DOTTLEY v. Miller

276 S.W.3d 729, 101 Ark. App. 323, 2008 Ark. App. LEXIS 135
CourtCourt of Appeals of Arkansas
DecidedFebruary 20, 2008
DocketCA 07-426
StatusPublished
Cited by3 cases

This text of 276 S.W.3d 729 (DOTTLEY v. Miller) is published on Counsel Stack Legal Research, covering Court of Appeals of Arkansas primary law. Counsel Stack provides free access to over 12 million legal documents including statutes, case law, regulations, and constitutions.

Bluebook
DOTTLEY v. Miller, 276 S.W.3d 729, 101 Ark. App. 323, 2008 Ark. App. LEXIS 135 (Ark. Ct. App. 2008).

Opinions

Sam Bird, Judge.

The issue in this case is whether the trial court erred in on a for modification of child support without hearing any testimony or receiving any evidence. We hold that the trial court did err, and we reverse and remand for a hearing on the petition.

Appellant Paul Lewis Dottley, Jr., and appellee Melanie Beth (Dottley) Miller were divorced on October 2, 2000. On January 15, 2006, appellant filed a petition for modification of child support, alleging a change in circumstances justifying a decrease in child support. Appellee answered, requested an increase in child support, and filed a counterclaim for contempt. The trial court set the case for a hearing on December 21, 2006.

The record reflects that on December 21, 2006, the trial court requested the attorneys to identify themselves and the parties they represented. The court then explained that there were two matters before the court: a petition to modify support and a motion for contempt. The following includes the remainder of the proceedings:1

The Court: ... I visited with the attorneys in the back and received some indication of what the anticipated testimony might be.
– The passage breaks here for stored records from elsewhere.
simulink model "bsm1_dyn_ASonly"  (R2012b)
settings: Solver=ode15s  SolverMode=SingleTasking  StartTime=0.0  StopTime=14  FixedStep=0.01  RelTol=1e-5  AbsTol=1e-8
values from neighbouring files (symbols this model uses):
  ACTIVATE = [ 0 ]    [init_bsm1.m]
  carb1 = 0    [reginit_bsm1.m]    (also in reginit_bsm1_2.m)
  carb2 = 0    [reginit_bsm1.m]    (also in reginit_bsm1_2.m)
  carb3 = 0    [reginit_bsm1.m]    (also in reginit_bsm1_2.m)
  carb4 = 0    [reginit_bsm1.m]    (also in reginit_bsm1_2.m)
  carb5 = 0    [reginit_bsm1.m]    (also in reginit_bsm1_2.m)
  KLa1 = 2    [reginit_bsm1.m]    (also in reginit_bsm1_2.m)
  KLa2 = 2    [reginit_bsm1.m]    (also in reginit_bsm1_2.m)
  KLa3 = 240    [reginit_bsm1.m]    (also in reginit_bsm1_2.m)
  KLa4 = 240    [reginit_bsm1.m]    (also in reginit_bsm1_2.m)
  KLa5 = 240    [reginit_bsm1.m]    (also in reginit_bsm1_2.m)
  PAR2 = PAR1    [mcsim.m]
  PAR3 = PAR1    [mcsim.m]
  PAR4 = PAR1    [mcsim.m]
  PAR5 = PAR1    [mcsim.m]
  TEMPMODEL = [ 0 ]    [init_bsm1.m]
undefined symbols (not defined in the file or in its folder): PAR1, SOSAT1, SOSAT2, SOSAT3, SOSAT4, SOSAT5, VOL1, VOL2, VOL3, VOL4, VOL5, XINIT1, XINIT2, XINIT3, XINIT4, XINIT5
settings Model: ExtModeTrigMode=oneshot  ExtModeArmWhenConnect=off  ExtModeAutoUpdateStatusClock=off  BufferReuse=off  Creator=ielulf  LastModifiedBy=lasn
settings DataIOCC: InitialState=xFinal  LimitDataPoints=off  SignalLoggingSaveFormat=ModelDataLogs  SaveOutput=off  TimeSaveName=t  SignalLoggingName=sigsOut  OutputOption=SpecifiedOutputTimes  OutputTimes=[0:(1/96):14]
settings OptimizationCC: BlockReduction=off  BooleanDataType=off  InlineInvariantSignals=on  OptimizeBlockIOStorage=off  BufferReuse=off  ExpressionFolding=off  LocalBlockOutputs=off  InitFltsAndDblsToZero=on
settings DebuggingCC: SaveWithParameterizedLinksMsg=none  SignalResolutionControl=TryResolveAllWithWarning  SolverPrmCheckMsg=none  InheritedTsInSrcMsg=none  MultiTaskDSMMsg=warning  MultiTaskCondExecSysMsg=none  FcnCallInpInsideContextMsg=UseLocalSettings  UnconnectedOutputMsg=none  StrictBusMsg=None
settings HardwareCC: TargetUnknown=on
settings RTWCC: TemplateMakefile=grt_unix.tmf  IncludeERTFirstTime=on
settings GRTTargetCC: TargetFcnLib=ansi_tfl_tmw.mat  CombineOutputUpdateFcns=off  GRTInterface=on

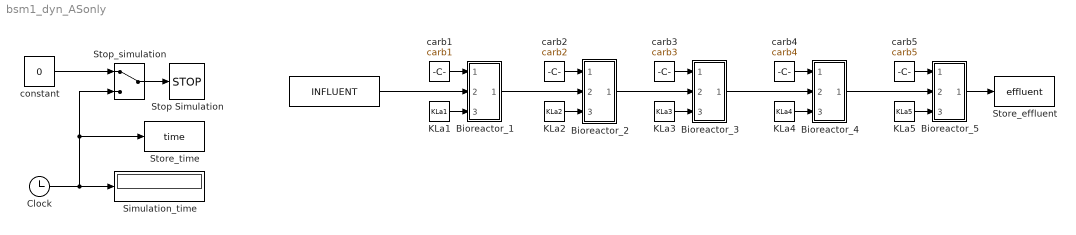
== system bsm1_dyn_ASonly ==
  " " : FromWorkspace  VariableName=INFLUENT  OutputAfterFinalValue=Holding final value
  " constant" : Constant  Value=0
  Bioreactor_1 : Subsystem
  Bioreactor_2 : Subsystem
  Bioreactor_3 : Subsystem
  Bioreactor_4 : Subsystem
  Bioreactor_5 : Subsystem
  Clock : Clock
  KLa1 : Constant  Value=KLa1
  KLa2 : Constant  Value=KLa2
  KLa3 : Constant  Value=KLa3
  KLa4 : Constant  Value=KLa4
  KLa5 : Constant  Value=KLa5
  Simulation_time : Display
  Stop Simulation : Stop
  Stop_simulation : ManualSwitch
  Store_effluent : ToWorkspace  VariableName=effluent
  Store_time : ToWorkspace  VariableName=time
  carb1 : Constant  Value=carb1
  carb2 : Constant  Value=carb2
  carb3 : Constant  Value=carb3
  carb4 : Constant  Value=carb4
  carb5 : Constant  Value=carb5
  wires:
  Clock/1 -> Simulation_time/1, Stop_simulation/2, Store_time/1
  Stop_simulation/1 -> Stop Simulation/1
  " constant"/1 -> Stop_simulation/1
  " "/1 -> Bioreactor_1/2(in)
  KLa1/1 -> Bioreactor_1/3(KLa)
  Bioreactor_1/1(out) -> Bioreactor_2/2(in)
  KLa2/1 -> Bioreactor_2/3(KLa)
  Bioreactor_2/1(out) -> Bioreactor_3/2(in)
  KLa3/1 -> Bioreactor_3/3(KLa)
  Bioreactor_3/1(out) -> Bioreactor_4/2(in)
  KLa4/1 -> Bioreactor_4/3(KLa)
  Bioreactor_4/1(out) -> Bioreactor_5/2(in)
  KLa5/1 -> Bioreactor_5/3(KLa)
  carb1/1 -> Bioreactor_1/1(carb)
  carb2/1 -> Bioreactor_2/1(carb)
  carb3/1 -> Bioreactor_3/1(carb)
  carb4/1 -> Bioreactor_4/1(carb)
  carb5/1 -> Bioreactor_5/1(carb)
  Bioreactor_5/1(out) -> Store_effluent/1

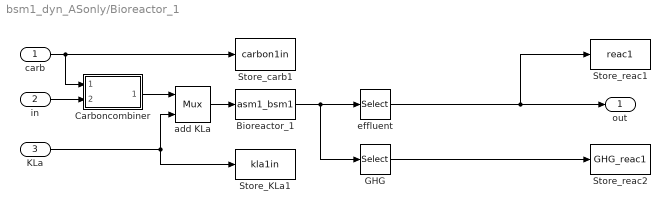
== system bsm1_dyn_ASonly/Bioreactor_1 ==
  carb : Inport
  in : Inport  Port=2
  KLa : Inport  Port=3
  Bioreactor_1 : S-Function  FunctionName=asm1_bsm1  Parameters=XINIT1,PAR1,VOL1,SOSAT1,TEMPMODEL,ACTIVATE  EnableBusSupport=off
  Carboncombiner : Subsystem
  GHG : Selector  InputPortWidth=29  IndexOptions=Index vector (dialog)  Indices=[27:29]  OutputSizes=1
  Store_KLa1 : ToWorkspace  VariableName=kla1in  SampleTime=-1
  Store_carb1 : ToWorkspace  VariableName=carbon1in  SampleTime=-1
  Store_reac1 : ToWorkspace  VariableName=reac1  SampleTime=-1
  Store_reac2 : ToWorkspace  VariableName=GHG_reac1  SampleTime=-1
  add KLa : Mux  Inputs=2
  effluent : Selector  InputPortWidth=29  IndexOptions=Index vector (dialog)  Indices=[1:26]  OutputSizes=1
  out : Outport
  wires:
  KLa/1 -> Store_KLa1/1, add KLa/2
  in/1 -> Carboncombiner/2(Input)
  carb/1 -> Carboncombiner/1(C_flow), Store_carb1/1
  Carboncombiner/1(Output) -> add KLa/1
  add KLa/1 -> Bioreactor_1/1
  Bioreactor_1/1 -> effluent/1, GHG/1
  effluent/1 -> out/1, Store_reac1/1
  GHG/1 -> Store_reac2/1

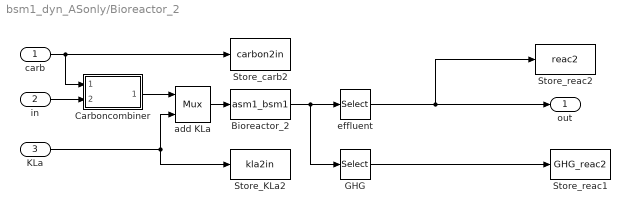
== system bsm1_dyn_ASonly/Bioreactor_2 ==
  carb : Inport
  in : Inport  Port=2
  KLa : Inport  Port=3
  Bioreactor_2 : S-Function  FunctionName=asm1_bsm1  Parameters=XINIT2,PAR2,VOL2,SOSAT2,TEMPMODEL,ACTIVATE  EnableBusSupport=off
  Carboncombiner : Subsystem
  GHG : Selector  InputPortWidth=29  IndexOptions=Index vector (dialog)  Indices=[27:29]  OutputSizes=1
  Store_KLa2 : ToWorkspace  VariableName=kla2in  SampleTime=-1
  Store_carb2 : ToWorkspace  VariableName=carbon2in  SampleTime=-1
  Store_reac1 : ToWorkspace  VariableName=GHG_reac2  SampleTime=-1
  Store_reac2 : ToWorkspace  VariableName=reac2  SampleTime=-1
  add KLa : Mux  Inputs=2
  effluent : Selector  InputPortWidth=29  IndexOptions=Index vector (dialog)  Indices=[1:26]  OutputSizes=1
  out : Outport
  wires:
  KLa/1 -> Store_KLa2/1, add KLa/2
  in/1 -> Carboncombiner/2(Input)
  carb/1 -> Store_carb2/1, Carboncombiner/1(C_flow)
  Carboncombiner/1(Output) -> add KLa/1
  add KLa/1 -> Bioreactor_2/1
  Bioreactor_2/1 -> GHG/1, effluent/1
  effluent/1 -> out/1, Store_reac2/1
  GHG/1 -> Store_reac1/1

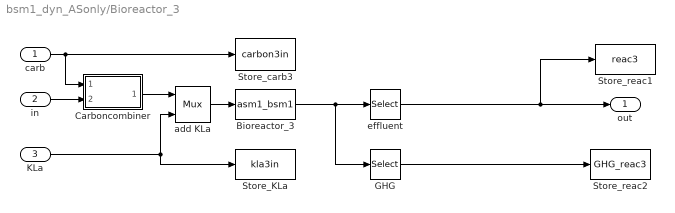
== system bsm1_dyn_ASonly/Bioreactor_3 ==
  carb : Inport
  in : Inport  Port=2
  KLa : Inport  Port=3
  Bioreactor_3 : S-Function  FunctionName=asm1_bsm1  Parameters=XINIT3,PAR3,VOL3,SOSAT3,TEMPMODEL,ACTIVATE  EnableBusSupport=off
  Carboncombiner : Subsystem
  GHG : Selector  InputPortWidth=29  IndexOptions=Index vector (dialog)  Indices=[27:29]  OutputSizes=1
  Store_KLa : ToWorkspace  VariableName=kla3in  SampleTime=-1
  Store_carb3 : ToWorkspace  VariableName=carbon3in  SampleTime=-1
  Store_reac1 : ToWorkspace  VariableName=reac3  SampleTime=-1
  Store_reac2 : ToWorkspace  VariableName=GHG_reac3  SampleTime=-1
  add KLa : Mux  Inputs=2
  effluent : Selector  InputPortWidth=29  IndexOptions=Index vector (dialog)  Indices=[1:26]  OutputSizes=1
  out : Outport
  wires:
  KLa/1 -> Store_KLa/1, add KLa/2
  in/1 -> Carboncombiner/2(Input)
  carb/1 -> Store_carb3/1, Carboncombiner/1(C_flow)
  Carboncombiner/1(Output) -> add KLa/1
  add KLa/1 -> Bioreactor_3/1
  Bioreactor_3/1 -> effluent/1, GHG/1
  effluent/1 -> out/1, Store_reac1/1
  GHG/1 -> Store_reac2/1

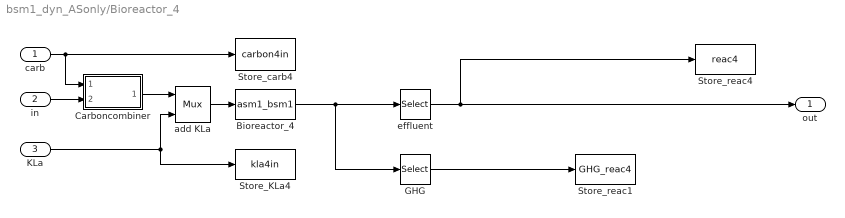
== system bsm1_dyn_ASonly/Bioreactor_4 ==
  carb : Inport
  in : Inport  Port=2
  KLa : Inport  Port=3
  Bioreactor_4 : S-Function  FunctionName=asm1_bsm1  Parameters=XINIT4,PAR4,VOL4,SOSAT4,TEMPMODEL,ACTIVATE  EnableBusSupport=off
  Carboncombiner : Subsystem
  GHG : Selector  InputPortWidth=29  IndexOptions=Index vector (dialog)  Indices=[27:29]  OutputSizes=1
  Store_KLa4 : ToWorkspace  VariableName=kla4in  SampleTime=-1
  Store_carb4 : ToWorkspace  VariableName=carbon4in  SampleTime=-1
  Store_reac1 : ToWorkspace  VariableName=GHG_reac4  SampleTime=-1
  Store_reac4 : ToWorkspace  VariableName=reac4  SampleTime=-1
  add KLa : Mux  Inputs=2
  effluent : Selector  InputPortWidth=29  IndexOptions=Index vector (dialog)  Indices=[1:26]  OutputSizes=1
  out : Outport
  wires:
  KLa/1 -> Store_KLa4/1, add KLa/2
  in/1 -> Carboncombiner/2(Input)
  carb/1 -> Store_carb4/1, Carboncombiner/1(C_flow)
  Carboncombiner/1(Output) -> add KLa/1
  add KLa/1 -> Bioreactor_4/1
  Bioreactor_4/1 -> GHG/1, effluent/1
  effluent/1 -> out/1, Store_reac4/1
  GHG/1 -> Store_reac1/1

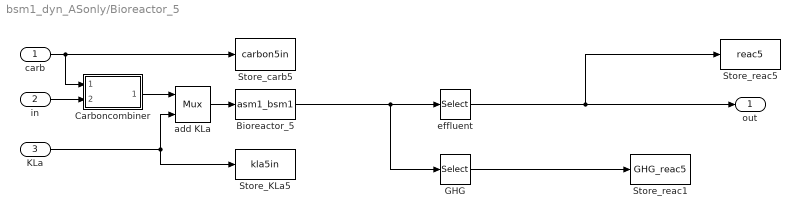
== system bsm1_dyn_ASonly/Bioreactor_5 ==
  carb : Inport
  in : Inport  Port=2
  KLa : Inport  Port=3
  Bioreactor_5 : S-Function  FunctionName=asm1_bsm1  Parameters=XINIT5,PAR5,VOL5,SOSAT5,TEMPMODEL,ACTIVATE  EnableBusSupport=off
  Carboncombiner : Subsystem
  GHG : Selector  InputPortWidth=29  IndexOptions=Index vector (dialog)  Indices=[27:29]  OutputSizes=1
  Store_KLa5 : ToWorkspace  VariableName=kla5in  SampleTime=-1
  Store_carb5 : ToWorkspace  VariableName=carbon5in  SampleTime=-1
  Store_reac1 : ToWorkspace  VariableName=GHG_reac5  SampleTime=-1
  Store_reac5 : ToWorkspace  VariableName=reac5  SampleTime=-1
  add KLa : Mux  Inputs=2
  effluent : Selector  InputPortWidth=29  IndexOptions=Index vector (dialog)  Indices=[1:26]  OutputSizes=1
  out : Outport
  wires:
  KLa/1 -> Store_KLa5/1, add KLa/2
  in/1 -> Carboncombiner/2(Input)
  carb/1 -> Store_carb5/1, Carboncombiner/1(C_flow)
  Carboncombiner/1(Output) -> add KLa/1
  add KLa/1 -> Bioreactor_5/1
  Bioreactor_5/1 -> GHG/1, effluent/1
  effluent/1 -> out/1, Store_reac5/1
  GHG/1 -> Store_reac1/1

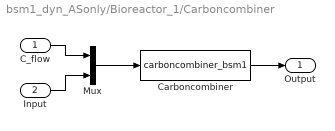
== system bsm1_dyn_ASonly/Bioreactor_1/Carboncombiner ==
  C_flow : Inport
  Input : Inport  Port=2
  Carboncombiner : S-Function  FunctionName=carboncombiner_bsm1  Parameters=CARBONSOURCECONC  EnableBusSupport=off
  Mux : Mux  Inputs=2
  Output : Outport
  wires:
  Input/1 -> Mux/2
  Carboncombiner/1 -> Output/1
  Mux/1 -> Carboncombiner/1
  C_flow/1 -> Mux/1

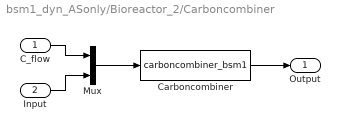
== system bsm1_dyn_ASonly/Bioreactor_2/Carboncombiner ==
  C_flow : Inport
  Input : Inport  Port=2
  Carboncombiner : S-Function  FunctionName=carboncombiner_bsm1  Parameters=CARBONSOURCECONC  EnableBusSupport=off
  Mux : Mux  Inputs=2
  Output : Outport
  wires:
  C_flow/1 -> Mux/1
  Mux/1 -> Carboncombiner/1
  Carboncombiner/1 -> Output/1
  Input/1 -> Mux/2

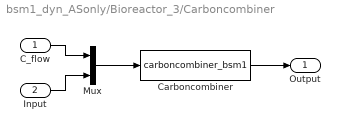
== system bsm1_dyn_ASonly/Bioreactor_3/Carboncombiner ==
  C_flow : Inport
  Input : Inport  Port=2
  Carboncombiner : S-Function  FunctionName=carboncombiner_bsm1  Parameters=CARBONSOURCECONC  EnableBusSupport=off
  Mux : Mux  Inputs=2
  Output : Outport
  wires:
  C_flow/1 -> Mux/1
  Mux/1 -> Carboncombiner/1
  Carboncombiner/1 -> Output/1
  Input/1 -> Mux/2

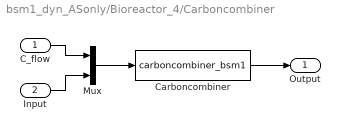
== system bsm1_dyn_ASonly/Bioreactor_4/Carboncombiner ==
  C_flow : Inport
  Input : Inport  Port=2
  Carboncombiner : S-Function  FunctionName=carboncombiner_bsm1  Parameters=CARBONSOURCECONC  EnableBusSupport=off
  Mux : Mux  Inputs=2
  Output : Outport
  wires:
  C_flow/1 -> Mux/1
  Mux/1 -> Carboncombiner/1
  Carboncombiner/1 -> Output/1
  Input/1 -> Mux/2

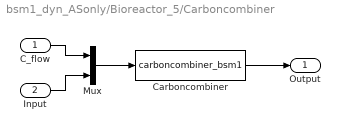
== system bsm1_dyn_ASonly/Bioreactor_5/Carboncombiner ==
  C_flow : Inport
  Input : Inport  Port=2
  Carboncombiner : S-Function  FunctionName=carboncombiner_bsm1  Parameters=CARBONSOURCECONC  EnableBusSupport=off
  Mux : Mux  Inputs=2
  Output : Outport
  wires:
  C_flow/1 -> Mux/1
  Mux/1 -> Carboncombiner/1
  Carboncombiner/1 -> Output/1
  Input/1 -> Mux/2

And from that I reached a decision. Mr. Harper, would you announce it?
Mr. Harper: Yes, sir, Your Honor. Mr. Dottley owes to my client the sum of $800.00 in back child support. In addition he owes the sum of $185.00 for school fees, which he has not paid. That total is $985. That amount will be paid within ninety days of today’s date.
In addition, my client will be awarded attorney’s fees of $500.00 for Defendant’s failure to follow the previous orders of the court. That fee will be paid within ninety days.
The Plaintiffs petition for increase is denied. The Defendant’s petition for a decrease is denied. The tax deduction will continue to be carried by my client.
During the summer months when the Defendant has the child for at least fourteen days he will be entitled to a reduction of one-half of his child support obligation. The child support will continue to be $400.00 per month.
The parties previously in a property settlement agreement provided that they would each be responsible for one-half of private school tuition and expenses. That agreement was entered into during the divorce and the Court finds it shall continue to be enforced. Therefore, they will both continue to be responsible for half of the tuition and fees for the private school the child is attending.
The Court: Okay. Very well. And this is the ruling of the court. Is there anything further, Mr Haddock?
Mr. Haddock: Excuse me, Your Honor?
The Court: I said that’s the ruling of the Court.
Mr. Haddock: Just note our objection, Your Honor, that the Court ruled without taking any evidence, any testimony, looking at none of the evidence to be presented in this case. That he ruled basically on all the representations ofMs.Dottley’s attorney and to that we object.
I’ve tried about a thousand of these cases and this is the first time I’ve ever had a ruling without any evidence. To that we object and to that we’re going to appeal.
The Court: Well, you know, while we’re here you can
Mr. Haddock: The Court’s announced [its] ruHng. If we’re going to have a hearing I’m going to ask the Court to recuse, because the Court’s already decided what he’s going to do without the first witness taking the stand.
The Court: Okay. Well, yeah, that’s my ruling based upon the proposed facts as I appreciate them to be if this matter was presented to the Court.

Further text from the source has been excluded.